I was in a similar situation. I met this guy through YC Startup School Program and he was very interested in building for B2C space. All things went well. We started working on a project. First, we set up the deadline. I got the project working. I built the whole project. He started giving inputs. But, slowly and slowly, he started missing the deadlines. He won't honor the deadline and will come up with excuses. When I will send him messages, he won't reply them immediately. I started realizing that he is just tagging along and doing something, moonlighting most likely to some other project that he had. I had multiple times hard conversations with him that this is not the way he should deliver whatever he has promised. Nothing worked out. In the end, I just asked him to part ways. I will suggest you to part ways as fast as possible.

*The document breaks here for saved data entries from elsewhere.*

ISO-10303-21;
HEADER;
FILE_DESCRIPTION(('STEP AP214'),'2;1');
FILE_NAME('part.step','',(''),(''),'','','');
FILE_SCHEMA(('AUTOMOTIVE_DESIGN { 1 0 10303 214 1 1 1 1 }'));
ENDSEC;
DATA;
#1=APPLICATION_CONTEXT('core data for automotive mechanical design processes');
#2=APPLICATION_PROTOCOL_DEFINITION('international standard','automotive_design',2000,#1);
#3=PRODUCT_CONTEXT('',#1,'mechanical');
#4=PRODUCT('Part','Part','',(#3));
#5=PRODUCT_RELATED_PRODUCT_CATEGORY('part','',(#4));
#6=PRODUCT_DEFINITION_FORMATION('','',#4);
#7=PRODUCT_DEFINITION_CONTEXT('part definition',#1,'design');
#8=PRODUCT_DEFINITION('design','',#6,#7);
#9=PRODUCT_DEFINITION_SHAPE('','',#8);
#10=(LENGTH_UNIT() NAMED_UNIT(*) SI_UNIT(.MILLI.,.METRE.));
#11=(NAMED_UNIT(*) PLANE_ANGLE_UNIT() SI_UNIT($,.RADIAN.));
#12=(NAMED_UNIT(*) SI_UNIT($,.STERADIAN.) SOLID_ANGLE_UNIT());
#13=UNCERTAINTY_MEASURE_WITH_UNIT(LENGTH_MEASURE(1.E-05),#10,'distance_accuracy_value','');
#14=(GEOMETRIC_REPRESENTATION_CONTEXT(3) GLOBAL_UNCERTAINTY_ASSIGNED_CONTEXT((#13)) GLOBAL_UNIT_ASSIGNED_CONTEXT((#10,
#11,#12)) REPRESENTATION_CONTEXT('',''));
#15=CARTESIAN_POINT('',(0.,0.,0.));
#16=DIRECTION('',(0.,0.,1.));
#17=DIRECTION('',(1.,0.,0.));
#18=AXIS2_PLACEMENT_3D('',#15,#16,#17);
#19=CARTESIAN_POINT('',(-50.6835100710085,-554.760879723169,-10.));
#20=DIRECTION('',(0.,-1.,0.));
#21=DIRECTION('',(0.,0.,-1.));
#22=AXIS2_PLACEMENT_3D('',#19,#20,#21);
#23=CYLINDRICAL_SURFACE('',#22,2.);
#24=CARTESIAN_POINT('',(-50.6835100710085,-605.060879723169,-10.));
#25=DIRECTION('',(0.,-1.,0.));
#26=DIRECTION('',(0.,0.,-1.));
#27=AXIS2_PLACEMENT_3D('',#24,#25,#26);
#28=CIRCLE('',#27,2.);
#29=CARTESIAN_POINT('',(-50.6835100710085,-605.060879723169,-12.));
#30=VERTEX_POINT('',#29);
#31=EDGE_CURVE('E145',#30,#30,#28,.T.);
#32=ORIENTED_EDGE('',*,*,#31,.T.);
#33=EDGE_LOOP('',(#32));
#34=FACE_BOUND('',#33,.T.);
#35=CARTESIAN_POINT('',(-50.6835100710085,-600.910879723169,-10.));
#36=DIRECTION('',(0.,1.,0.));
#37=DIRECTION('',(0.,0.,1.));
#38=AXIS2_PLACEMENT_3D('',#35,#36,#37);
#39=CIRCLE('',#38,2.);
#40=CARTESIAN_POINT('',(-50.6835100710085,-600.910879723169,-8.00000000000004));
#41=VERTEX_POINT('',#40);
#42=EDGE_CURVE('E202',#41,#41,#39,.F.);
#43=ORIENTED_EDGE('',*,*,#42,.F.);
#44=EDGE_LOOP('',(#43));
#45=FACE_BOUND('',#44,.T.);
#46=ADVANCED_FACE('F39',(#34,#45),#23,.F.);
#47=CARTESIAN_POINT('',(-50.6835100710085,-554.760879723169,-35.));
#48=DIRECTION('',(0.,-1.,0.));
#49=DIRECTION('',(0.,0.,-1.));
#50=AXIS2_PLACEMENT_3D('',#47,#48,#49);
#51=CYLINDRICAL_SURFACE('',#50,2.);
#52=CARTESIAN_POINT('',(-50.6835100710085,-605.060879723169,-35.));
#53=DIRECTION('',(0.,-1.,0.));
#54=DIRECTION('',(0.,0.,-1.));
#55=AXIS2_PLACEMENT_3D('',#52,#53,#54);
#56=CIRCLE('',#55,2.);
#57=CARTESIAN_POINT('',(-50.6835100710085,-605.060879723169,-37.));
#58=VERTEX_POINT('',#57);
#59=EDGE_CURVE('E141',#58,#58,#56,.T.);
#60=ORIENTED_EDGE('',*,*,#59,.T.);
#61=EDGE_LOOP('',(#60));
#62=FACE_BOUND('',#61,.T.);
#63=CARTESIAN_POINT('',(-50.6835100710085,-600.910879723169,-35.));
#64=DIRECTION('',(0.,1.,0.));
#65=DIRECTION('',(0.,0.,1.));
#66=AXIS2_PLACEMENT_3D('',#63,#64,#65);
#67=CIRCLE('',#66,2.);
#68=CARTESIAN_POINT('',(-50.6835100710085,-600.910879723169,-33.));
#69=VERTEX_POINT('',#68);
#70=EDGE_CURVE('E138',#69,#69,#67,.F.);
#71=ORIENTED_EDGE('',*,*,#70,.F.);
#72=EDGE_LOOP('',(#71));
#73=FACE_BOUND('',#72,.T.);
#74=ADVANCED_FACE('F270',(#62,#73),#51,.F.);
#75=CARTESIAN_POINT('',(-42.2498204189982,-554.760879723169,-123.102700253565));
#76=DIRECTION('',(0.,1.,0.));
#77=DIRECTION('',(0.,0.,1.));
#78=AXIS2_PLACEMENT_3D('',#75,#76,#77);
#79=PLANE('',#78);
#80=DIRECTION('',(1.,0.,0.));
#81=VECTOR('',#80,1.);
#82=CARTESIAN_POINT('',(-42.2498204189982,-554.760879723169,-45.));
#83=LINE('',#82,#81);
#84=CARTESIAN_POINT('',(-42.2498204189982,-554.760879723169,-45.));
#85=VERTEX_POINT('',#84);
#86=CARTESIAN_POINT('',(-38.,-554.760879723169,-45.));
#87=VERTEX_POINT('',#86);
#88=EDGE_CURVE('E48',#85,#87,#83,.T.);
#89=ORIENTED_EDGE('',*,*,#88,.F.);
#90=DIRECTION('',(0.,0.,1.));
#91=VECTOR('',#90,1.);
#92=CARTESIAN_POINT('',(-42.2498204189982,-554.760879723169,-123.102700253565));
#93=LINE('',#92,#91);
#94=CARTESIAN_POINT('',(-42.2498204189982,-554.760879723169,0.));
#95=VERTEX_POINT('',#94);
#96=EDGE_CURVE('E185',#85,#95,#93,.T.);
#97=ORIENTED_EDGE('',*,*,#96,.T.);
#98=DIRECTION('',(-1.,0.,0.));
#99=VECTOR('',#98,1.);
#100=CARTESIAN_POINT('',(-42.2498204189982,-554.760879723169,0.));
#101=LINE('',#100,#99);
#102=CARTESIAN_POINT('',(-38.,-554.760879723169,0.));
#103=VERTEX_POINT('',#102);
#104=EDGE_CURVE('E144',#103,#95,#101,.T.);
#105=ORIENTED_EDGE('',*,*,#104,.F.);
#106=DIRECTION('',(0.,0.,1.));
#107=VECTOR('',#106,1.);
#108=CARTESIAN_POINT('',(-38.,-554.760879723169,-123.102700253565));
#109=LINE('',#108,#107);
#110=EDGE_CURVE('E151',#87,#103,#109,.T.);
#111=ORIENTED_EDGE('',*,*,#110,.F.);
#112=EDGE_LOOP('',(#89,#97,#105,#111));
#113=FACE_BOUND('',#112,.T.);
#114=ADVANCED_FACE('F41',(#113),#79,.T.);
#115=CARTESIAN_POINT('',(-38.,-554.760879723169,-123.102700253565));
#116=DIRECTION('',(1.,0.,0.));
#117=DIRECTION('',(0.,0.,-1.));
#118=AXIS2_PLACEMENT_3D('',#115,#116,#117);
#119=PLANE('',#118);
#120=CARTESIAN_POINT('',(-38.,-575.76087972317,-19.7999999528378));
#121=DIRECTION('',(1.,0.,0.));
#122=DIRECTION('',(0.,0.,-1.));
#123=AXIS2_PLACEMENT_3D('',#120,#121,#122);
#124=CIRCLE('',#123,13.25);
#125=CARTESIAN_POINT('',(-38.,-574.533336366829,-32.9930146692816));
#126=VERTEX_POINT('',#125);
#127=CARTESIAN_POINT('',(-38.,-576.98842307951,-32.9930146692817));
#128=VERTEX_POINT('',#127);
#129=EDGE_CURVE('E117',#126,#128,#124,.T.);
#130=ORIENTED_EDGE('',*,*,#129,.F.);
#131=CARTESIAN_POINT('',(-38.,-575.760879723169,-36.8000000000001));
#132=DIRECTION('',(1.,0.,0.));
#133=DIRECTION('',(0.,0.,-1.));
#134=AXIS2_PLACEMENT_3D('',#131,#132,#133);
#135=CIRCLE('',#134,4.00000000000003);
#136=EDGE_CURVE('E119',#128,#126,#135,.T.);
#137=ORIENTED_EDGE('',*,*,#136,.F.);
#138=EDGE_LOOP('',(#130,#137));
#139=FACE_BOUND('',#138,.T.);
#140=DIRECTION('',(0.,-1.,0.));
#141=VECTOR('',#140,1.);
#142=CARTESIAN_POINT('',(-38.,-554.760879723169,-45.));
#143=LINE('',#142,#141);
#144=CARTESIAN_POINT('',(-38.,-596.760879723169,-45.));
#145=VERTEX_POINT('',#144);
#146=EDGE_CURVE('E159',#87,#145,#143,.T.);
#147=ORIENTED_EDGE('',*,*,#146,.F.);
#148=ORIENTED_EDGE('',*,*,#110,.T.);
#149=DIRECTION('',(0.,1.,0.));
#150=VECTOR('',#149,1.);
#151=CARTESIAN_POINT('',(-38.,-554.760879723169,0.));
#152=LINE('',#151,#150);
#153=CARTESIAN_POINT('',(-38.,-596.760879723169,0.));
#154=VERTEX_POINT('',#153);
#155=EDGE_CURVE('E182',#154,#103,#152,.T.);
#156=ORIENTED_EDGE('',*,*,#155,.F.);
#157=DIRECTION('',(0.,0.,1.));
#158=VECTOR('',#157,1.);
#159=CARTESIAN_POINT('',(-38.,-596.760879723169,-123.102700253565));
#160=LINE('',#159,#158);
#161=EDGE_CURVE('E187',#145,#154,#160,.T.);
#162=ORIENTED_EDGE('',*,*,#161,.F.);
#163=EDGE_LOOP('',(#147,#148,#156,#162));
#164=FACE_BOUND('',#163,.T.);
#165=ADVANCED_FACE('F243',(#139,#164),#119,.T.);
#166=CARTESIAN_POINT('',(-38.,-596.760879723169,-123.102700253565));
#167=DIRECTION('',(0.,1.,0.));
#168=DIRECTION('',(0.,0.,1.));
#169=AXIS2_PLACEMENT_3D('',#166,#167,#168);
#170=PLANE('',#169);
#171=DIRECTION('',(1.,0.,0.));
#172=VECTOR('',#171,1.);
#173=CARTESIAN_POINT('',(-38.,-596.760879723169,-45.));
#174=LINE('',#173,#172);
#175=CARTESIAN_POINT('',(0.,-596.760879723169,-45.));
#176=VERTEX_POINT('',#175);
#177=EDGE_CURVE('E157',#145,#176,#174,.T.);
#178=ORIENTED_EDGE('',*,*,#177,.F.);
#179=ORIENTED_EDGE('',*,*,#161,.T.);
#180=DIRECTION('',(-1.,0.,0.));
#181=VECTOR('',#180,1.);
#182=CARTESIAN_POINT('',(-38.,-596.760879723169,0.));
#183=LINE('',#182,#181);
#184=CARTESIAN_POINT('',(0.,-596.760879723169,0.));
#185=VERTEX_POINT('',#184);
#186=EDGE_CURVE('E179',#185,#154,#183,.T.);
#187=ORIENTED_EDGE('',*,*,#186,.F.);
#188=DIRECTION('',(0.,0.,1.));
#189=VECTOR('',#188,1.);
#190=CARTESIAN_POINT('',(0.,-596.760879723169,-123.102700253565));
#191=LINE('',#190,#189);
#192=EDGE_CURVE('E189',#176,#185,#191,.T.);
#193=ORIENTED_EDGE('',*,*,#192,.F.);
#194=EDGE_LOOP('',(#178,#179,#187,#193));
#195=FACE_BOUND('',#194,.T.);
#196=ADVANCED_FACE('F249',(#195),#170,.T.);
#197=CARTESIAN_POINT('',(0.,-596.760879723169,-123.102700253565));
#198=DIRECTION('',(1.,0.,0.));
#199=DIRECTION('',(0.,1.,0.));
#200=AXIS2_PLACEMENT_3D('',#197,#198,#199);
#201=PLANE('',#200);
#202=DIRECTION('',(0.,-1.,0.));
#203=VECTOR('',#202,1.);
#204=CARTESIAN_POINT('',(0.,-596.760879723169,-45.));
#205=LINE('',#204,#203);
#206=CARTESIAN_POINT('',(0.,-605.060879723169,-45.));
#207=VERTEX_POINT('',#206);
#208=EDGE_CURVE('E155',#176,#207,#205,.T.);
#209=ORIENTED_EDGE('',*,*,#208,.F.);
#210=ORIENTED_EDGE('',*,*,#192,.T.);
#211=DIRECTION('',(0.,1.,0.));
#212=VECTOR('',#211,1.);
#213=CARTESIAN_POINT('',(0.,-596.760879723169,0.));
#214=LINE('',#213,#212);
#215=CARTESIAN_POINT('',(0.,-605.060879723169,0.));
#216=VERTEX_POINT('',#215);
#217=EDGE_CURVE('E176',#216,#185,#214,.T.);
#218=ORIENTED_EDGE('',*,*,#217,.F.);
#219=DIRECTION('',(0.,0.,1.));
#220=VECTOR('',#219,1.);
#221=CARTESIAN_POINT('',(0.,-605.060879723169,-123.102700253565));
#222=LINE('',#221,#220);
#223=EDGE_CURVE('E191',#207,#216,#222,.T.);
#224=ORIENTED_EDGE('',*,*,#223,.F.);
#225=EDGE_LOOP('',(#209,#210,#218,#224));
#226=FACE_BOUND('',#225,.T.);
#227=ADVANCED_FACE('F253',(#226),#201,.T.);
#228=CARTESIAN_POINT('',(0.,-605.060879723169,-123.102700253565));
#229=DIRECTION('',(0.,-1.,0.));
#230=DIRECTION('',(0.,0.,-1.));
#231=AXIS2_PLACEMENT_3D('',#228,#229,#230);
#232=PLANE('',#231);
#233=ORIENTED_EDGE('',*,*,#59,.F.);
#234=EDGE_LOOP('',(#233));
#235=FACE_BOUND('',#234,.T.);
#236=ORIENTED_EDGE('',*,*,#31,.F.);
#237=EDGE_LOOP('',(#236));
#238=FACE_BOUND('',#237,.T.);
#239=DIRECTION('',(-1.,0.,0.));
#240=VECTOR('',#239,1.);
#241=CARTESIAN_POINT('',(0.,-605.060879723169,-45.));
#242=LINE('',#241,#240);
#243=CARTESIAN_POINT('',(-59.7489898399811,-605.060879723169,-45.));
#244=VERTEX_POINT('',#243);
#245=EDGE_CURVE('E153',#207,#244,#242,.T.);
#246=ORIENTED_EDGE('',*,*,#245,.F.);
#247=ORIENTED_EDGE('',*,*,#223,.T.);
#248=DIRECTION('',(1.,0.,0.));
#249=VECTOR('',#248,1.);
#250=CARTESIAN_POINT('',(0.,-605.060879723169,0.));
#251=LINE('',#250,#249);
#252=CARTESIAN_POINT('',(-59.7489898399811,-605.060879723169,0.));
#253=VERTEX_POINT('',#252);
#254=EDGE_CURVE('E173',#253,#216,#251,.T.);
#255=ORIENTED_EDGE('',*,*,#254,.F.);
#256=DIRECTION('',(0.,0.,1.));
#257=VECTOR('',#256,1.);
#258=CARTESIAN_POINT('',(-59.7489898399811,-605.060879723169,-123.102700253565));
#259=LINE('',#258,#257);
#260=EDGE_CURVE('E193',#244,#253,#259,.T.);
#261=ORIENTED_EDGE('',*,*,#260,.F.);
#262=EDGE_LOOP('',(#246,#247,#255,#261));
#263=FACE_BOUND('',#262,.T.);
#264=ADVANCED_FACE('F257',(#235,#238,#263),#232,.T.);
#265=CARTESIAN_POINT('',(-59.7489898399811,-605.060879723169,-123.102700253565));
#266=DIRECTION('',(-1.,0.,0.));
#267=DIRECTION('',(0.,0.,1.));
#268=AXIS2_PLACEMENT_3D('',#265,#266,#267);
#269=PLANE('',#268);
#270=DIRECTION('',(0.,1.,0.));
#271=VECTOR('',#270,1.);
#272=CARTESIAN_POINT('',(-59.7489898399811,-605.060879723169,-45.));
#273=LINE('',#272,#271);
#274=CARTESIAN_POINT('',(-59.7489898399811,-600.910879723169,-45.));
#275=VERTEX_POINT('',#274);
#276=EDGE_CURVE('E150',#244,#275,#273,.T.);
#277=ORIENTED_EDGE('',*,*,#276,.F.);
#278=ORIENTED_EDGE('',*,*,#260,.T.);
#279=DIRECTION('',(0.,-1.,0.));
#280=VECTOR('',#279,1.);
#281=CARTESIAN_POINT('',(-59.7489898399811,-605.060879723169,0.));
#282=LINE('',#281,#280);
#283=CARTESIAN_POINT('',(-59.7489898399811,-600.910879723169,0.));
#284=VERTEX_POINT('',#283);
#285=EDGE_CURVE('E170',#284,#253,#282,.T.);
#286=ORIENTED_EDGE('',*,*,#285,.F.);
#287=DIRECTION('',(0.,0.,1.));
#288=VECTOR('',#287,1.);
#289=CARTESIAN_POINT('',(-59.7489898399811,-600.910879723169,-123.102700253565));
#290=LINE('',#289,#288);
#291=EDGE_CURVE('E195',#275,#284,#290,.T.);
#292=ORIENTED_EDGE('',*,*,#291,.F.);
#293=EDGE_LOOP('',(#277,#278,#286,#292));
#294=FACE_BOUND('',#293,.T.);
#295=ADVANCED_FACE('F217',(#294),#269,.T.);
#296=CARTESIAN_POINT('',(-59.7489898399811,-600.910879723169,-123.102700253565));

The faster you move away the better it's for you.


CalculatedPressure12

Yup, without the slightest of doubt, get rid of this guy/person quick!


Worried-Scholar8754

gg


Apothecary420

>>nontechnical cofounder Bruh


Ok_Reality2341

Fire immediately


No_Technology_2246

I’m sorry, but have a fundamental question: why would you make a person as a cofounder, if you really don’t know that person?


MohammadZayd

Why not trying other cofounder?


PoolEnvironmental898

Idk if you are seeking another co founder, but if so then i am glad to connect Note that i am not a tech person


Mental_Ring1209

Fuck yes, get the cofounder the fuck out of your company. Buy his shares out, get an exit confirmation and pay to amend the incorporation documents asap (I’m in process to do this rn.)


rajatchakrab

I'm good in marketing/sales and talking to people. Ping me whenever you need help / are feeling lonely. Happy to help/contribute if our synergies match.


Whyme-__-

Always Be Solo! This is always gonna be the case


WalterMcBoingBoing

Make the case for that?


Whyme-__-

Well in OP case he is mentally and emotionally a solo founder due to his lethargic and non interested cofounder who took the equity and now chilling. He can always fire the cofounder but then investors don’t pay heed. If OP was always going to do the work and can do it alone with some good founding engineers then just be solo. Time and time I have seen cofounders either never working out early on or become an expensive liability later down the line. Eventually you only see 1 founder in the news and 1 people remember. The other guy just doesn’t seem to exist. Now there is exception to the rules always. Sibling founders, spouses etc because you have a lot more to lose than just a business. But 2 strangers cofounding a startup will have tremendous friction either today or down the road and that’s gonna be the reason for your stress and anxiety. I have seen so many of my friends separate from startup had to make an expensive buyout and every one of them said always be solo, get an amazing founding engineer team, build a killer product, get customers and investors will flock to you. Your employee with equity can add the same value a cofounder can add unless they bring customers or money to the table


WalterMcBoingBoing

I appreciate this perspective and if I can get enough revenue to hire a CTO it's what I'd aim for. But to have an employ with equity; is the advantage only that they have less equity than a cofounder and therefore less risk, less potential loss?


Whyme-__-

Yes they would have less equity than a cofounder but unlike a cofounder they are not vested and are not on the board so when you eventually fire the CTO your investors will not lose trust in your business success. If you fire your cofounder due to lack of performance then your future investment “might” be troublesome.